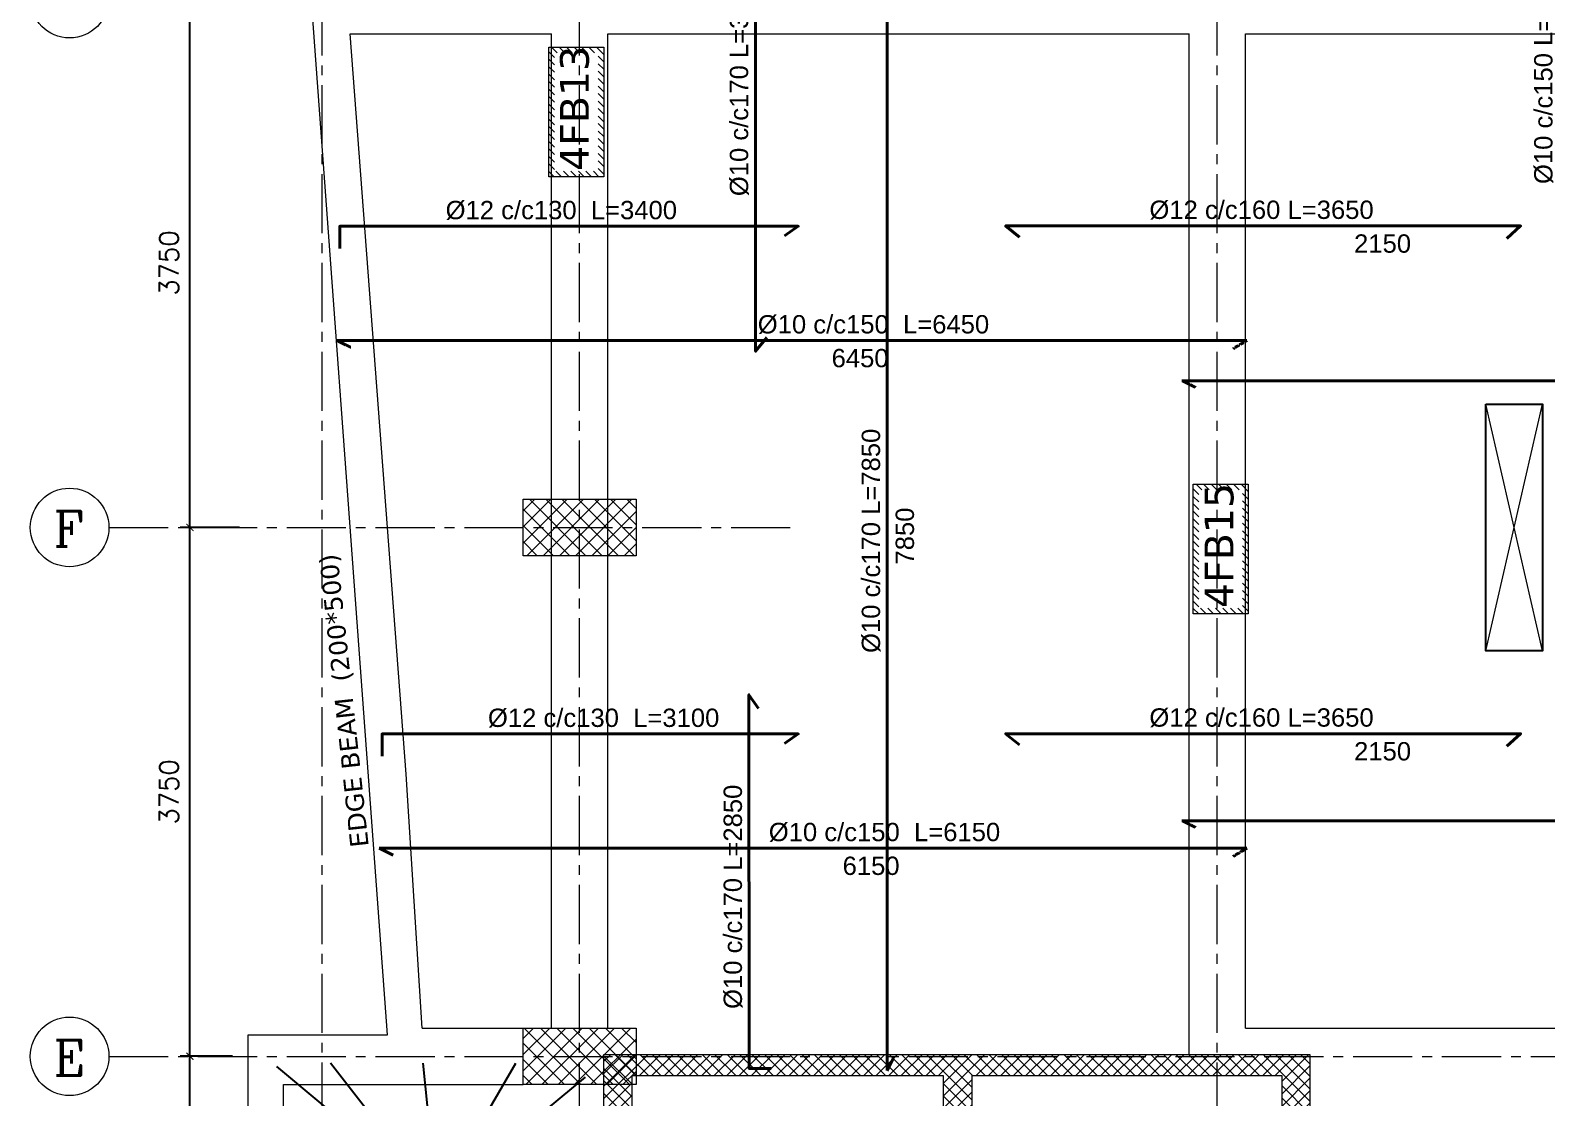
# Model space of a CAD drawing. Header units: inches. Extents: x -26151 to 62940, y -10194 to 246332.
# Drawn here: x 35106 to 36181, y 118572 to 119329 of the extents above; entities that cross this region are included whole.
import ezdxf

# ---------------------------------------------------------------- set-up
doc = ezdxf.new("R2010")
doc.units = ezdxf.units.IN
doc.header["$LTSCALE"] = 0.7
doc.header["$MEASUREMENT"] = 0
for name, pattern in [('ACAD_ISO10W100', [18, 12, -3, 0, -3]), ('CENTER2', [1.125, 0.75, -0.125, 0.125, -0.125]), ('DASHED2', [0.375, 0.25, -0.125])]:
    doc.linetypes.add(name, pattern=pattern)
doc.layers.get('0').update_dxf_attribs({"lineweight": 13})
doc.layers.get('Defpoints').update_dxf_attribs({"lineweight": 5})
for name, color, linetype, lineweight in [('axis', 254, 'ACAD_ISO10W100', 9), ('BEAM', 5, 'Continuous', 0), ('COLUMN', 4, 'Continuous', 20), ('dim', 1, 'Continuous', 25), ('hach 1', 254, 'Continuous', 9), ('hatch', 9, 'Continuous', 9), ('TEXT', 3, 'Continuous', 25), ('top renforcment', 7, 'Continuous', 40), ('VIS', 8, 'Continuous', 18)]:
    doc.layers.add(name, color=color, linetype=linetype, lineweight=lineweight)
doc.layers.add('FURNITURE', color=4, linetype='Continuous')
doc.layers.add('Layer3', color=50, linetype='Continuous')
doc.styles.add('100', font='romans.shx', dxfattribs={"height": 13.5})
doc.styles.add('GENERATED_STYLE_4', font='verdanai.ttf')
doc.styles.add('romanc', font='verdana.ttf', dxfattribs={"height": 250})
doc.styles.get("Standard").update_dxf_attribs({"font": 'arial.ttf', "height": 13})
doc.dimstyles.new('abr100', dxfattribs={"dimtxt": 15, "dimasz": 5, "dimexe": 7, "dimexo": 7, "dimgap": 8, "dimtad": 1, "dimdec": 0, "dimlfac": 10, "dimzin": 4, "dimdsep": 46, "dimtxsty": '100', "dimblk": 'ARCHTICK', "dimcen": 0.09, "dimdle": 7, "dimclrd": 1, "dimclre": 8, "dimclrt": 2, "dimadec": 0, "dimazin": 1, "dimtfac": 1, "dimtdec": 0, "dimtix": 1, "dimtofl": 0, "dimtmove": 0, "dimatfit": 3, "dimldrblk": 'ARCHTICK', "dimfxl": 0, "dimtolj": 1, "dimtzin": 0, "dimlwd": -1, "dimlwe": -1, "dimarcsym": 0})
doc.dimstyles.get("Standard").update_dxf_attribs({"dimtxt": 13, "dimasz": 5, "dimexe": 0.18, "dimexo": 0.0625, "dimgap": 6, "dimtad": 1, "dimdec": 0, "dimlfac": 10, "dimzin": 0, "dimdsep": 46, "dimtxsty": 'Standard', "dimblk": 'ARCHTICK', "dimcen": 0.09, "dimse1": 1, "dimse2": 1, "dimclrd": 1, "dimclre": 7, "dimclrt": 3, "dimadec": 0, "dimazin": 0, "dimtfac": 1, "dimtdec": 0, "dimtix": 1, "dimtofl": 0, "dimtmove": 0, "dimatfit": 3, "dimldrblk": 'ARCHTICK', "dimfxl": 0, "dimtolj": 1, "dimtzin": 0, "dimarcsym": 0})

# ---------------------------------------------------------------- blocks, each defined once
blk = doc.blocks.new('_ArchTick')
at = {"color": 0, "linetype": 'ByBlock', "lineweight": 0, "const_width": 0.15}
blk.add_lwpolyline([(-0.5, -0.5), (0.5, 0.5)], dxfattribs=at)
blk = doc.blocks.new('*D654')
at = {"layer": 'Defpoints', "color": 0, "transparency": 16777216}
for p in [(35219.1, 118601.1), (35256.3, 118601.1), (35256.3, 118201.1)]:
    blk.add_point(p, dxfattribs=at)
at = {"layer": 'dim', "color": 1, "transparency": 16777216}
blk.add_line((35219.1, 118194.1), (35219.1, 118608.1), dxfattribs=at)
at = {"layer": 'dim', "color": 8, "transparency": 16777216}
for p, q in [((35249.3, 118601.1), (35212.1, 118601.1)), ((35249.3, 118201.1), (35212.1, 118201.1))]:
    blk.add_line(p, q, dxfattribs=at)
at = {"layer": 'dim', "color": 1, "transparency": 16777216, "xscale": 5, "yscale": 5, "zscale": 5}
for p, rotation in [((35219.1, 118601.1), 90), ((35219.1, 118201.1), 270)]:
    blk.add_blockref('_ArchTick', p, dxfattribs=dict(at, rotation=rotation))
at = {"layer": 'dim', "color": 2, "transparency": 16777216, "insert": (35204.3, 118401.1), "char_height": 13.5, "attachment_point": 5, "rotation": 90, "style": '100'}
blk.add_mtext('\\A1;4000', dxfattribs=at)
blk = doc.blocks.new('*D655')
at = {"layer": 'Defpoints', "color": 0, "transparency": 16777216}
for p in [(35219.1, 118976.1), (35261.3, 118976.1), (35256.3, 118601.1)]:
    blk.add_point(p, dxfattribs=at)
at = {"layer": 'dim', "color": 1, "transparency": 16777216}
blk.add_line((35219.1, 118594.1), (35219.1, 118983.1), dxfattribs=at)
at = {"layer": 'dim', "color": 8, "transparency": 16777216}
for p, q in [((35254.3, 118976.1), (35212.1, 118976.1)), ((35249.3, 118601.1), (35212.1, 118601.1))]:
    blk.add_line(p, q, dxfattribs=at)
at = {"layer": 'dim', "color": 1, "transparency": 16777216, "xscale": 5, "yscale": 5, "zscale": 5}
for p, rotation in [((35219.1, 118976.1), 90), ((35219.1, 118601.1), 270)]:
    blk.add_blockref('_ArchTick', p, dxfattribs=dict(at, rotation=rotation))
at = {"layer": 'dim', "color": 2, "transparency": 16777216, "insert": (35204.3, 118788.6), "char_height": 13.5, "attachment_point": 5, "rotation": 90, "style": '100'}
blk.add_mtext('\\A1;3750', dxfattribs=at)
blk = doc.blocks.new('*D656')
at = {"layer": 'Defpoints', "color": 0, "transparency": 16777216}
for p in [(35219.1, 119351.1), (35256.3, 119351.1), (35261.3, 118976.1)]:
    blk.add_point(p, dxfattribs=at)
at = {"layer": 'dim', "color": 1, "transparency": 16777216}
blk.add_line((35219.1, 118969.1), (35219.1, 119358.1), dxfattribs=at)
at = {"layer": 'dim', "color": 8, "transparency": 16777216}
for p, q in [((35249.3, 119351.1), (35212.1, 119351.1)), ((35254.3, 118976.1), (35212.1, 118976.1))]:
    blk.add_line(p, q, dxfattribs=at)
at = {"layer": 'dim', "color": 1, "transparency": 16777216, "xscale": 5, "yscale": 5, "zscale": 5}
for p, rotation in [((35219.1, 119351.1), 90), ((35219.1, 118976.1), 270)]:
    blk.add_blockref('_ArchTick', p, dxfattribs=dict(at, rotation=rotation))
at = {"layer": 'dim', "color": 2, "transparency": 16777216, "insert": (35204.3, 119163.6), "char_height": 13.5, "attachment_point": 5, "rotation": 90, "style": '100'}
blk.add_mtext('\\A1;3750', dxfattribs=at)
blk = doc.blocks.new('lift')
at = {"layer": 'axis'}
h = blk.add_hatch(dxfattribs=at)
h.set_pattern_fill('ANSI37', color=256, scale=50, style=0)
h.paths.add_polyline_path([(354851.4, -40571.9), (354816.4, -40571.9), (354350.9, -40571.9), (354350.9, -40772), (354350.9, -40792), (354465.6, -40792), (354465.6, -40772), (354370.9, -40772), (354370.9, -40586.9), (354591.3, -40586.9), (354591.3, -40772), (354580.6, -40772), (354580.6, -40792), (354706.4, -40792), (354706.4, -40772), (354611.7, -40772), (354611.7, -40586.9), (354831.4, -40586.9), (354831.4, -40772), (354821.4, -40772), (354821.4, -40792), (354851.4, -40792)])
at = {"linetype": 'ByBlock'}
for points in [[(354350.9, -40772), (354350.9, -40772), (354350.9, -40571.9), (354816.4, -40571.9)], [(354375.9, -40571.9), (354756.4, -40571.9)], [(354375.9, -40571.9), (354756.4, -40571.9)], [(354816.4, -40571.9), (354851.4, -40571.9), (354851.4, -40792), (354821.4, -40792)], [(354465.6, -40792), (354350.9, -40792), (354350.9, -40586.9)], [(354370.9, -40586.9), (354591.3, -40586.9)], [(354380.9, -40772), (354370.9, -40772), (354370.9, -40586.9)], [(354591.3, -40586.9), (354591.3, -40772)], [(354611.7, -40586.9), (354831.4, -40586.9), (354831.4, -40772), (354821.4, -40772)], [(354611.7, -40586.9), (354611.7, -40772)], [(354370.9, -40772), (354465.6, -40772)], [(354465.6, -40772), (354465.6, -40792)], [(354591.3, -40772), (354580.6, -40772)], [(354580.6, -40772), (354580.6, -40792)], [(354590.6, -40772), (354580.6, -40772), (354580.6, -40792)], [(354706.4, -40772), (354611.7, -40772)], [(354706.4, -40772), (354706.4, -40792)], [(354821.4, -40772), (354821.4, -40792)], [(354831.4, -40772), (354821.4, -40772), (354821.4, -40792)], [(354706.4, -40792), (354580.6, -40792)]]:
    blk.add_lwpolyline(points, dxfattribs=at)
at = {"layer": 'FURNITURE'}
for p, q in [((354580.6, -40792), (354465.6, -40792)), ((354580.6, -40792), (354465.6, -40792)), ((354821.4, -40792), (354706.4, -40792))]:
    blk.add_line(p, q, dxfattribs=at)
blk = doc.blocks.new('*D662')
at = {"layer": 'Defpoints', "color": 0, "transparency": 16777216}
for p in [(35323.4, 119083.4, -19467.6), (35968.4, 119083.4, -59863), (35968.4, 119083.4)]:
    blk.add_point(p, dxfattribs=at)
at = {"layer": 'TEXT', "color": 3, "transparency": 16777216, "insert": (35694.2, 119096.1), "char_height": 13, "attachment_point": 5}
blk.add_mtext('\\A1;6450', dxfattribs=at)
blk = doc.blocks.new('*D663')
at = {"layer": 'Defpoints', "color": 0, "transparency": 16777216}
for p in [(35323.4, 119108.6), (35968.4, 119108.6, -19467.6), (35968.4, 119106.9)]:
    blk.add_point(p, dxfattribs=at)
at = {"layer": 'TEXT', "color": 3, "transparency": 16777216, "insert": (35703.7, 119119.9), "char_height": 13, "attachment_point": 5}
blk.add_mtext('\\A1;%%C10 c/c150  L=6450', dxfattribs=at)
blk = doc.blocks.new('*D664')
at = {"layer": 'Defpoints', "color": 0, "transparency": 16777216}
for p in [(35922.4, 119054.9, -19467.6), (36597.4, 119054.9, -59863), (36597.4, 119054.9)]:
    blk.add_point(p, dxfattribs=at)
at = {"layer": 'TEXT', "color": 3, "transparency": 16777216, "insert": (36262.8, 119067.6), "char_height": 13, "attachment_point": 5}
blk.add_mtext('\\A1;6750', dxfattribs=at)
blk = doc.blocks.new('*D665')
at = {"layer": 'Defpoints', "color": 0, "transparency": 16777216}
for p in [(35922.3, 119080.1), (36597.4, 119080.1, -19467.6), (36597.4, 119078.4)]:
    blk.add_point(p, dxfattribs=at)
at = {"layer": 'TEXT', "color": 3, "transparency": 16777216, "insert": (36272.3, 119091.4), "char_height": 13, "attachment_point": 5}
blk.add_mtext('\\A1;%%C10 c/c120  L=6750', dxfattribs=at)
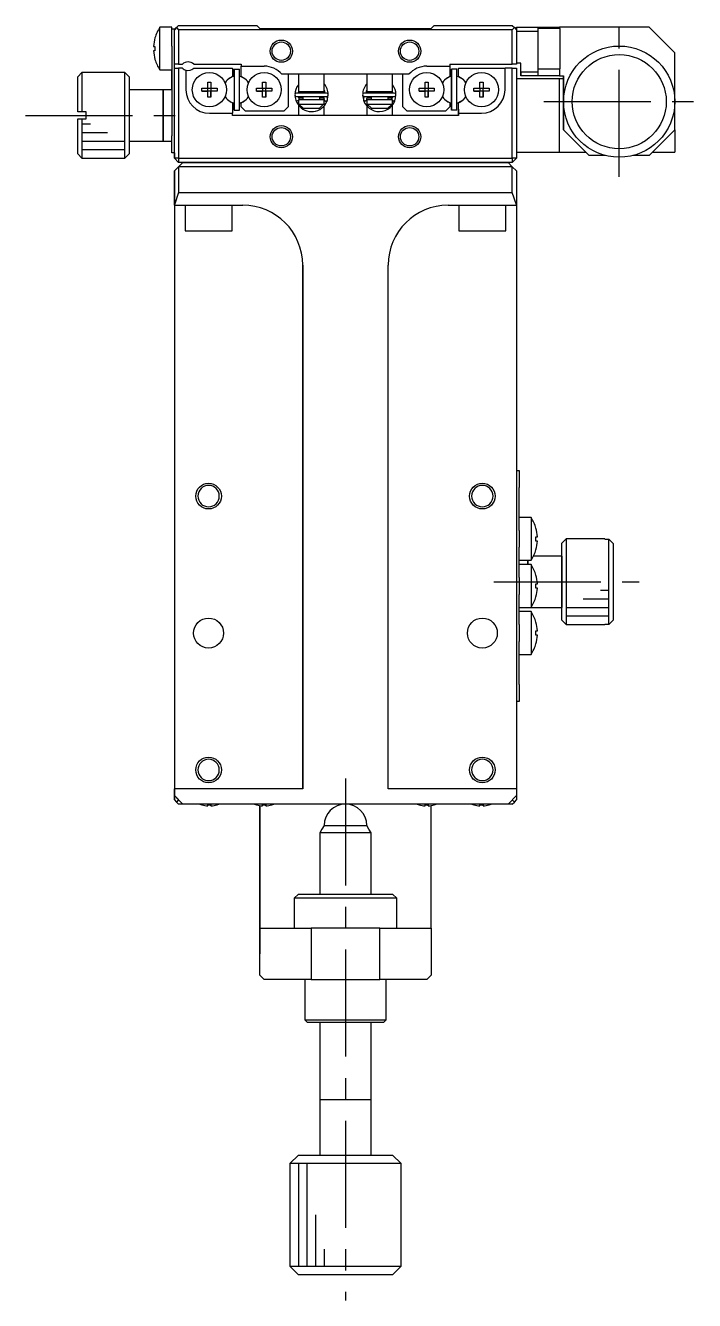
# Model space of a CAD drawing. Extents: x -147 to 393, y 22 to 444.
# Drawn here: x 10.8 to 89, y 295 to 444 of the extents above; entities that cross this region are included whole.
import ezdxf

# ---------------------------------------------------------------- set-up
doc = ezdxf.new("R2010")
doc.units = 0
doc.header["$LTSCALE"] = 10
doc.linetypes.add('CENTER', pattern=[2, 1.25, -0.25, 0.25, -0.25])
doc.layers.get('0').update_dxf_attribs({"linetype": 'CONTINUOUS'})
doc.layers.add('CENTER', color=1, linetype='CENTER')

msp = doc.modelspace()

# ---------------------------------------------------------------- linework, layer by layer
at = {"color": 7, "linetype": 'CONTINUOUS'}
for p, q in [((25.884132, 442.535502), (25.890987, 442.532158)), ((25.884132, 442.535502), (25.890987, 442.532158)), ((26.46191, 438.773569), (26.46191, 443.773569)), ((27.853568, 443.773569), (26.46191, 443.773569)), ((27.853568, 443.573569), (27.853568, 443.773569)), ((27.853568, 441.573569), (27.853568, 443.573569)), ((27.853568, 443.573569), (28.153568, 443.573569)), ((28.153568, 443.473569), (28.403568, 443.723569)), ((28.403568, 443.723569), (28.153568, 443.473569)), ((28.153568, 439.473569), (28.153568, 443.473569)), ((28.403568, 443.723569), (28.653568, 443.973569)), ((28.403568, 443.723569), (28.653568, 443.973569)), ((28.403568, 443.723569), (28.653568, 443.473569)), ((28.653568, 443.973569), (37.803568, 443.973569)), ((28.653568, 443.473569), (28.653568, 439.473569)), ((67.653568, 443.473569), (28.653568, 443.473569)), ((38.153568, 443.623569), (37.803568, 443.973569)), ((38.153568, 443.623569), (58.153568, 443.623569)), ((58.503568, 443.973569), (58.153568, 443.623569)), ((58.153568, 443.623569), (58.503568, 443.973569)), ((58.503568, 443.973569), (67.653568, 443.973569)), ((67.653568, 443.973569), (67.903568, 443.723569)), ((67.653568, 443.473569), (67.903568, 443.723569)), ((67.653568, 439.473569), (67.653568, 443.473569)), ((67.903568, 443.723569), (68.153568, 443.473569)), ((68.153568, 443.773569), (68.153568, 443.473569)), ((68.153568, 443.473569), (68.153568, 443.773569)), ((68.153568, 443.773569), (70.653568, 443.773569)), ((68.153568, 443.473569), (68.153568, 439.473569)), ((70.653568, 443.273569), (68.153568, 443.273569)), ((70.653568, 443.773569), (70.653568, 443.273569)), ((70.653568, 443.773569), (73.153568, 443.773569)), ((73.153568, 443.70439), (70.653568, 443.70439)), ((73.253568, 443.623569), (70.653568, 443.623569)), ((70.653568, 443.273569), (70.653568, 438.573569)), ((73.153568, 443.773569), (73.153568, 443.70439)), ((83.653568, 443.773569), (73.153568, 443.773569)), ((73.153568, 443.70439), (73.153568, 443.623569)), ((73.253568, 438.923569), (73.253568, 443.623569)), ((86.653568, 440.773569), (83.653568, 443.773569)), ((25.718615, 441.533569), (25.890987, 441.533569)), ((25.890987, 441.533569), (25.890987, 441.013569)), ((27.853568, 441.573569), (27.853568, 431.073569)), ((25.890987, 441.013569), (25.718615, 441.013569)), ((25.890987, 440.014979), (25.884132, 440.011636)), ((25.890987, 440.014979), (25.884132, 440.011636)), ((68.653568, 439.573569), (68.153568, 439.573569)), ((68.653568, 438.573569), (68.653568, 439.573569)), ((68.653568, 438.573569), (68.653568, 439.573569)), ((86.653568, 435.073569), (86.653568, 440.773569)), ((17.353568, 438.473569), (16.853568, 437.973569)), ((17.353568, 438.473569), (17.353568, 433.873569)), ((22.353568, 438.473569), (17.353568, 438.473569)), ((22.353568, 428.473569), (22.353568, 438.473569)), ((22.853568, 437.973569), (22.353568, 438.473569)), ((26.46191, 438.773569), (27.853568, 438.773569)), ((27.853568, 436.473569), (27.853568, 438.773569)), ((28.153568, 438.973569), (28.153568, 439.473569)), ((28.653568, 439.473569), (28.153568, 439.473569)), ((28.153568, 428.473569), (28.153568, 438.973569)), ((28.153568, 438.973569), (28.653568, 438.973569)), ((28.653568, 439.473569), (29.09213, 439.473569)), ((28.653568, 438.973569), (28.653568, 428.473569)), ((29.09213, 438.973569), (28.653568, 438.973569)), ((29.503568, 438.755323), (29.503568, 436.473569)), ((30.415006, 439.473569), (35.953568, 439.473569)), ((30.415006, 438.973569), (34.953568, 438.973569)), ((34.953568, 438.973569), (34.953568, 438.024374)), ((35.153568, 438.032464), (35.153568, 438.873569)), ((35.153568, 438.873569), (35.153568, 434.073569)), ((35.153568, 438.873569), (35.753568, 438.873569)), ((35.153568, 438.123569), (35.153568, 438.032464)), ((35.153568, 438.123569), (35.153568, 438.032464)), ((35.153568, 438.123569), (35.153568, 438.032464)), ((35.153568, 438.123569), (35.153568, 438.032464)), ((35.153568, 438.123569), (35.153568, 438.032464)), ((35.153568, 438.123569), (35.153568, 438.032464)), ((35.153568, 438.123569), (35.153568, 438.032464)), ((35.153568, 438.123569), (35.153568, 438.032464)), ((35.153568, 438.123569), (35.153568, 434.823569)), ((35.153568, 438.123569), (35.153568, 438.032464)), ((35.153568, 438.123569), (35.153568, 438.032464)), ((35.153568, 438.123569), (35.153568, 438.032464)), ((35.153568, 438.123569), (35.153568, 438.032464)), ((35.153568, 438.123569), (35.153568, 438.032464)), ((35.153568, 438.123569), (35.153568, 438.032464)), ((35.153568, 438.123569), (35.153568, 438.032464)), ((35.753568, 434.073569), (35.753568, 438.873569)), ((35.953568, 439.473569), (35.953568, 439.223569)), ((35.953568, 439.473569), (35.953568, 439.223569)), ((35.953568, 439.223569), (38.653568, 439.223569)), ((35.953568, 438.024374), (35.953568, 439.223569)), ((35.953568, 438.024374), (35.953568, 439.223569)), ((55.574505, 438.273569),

### Task
Which of the lines in the material carry the string "above"? Pull them out.

### Answer for this exercise
# Drawn here: x 35106 to 36181, y 118572 to 119329 of the extents above; entities that cross this region are included whole.
# Drawn here: x 10.8 to 89, y 295 to 444 of the extents above; entities that cross this region are included whole.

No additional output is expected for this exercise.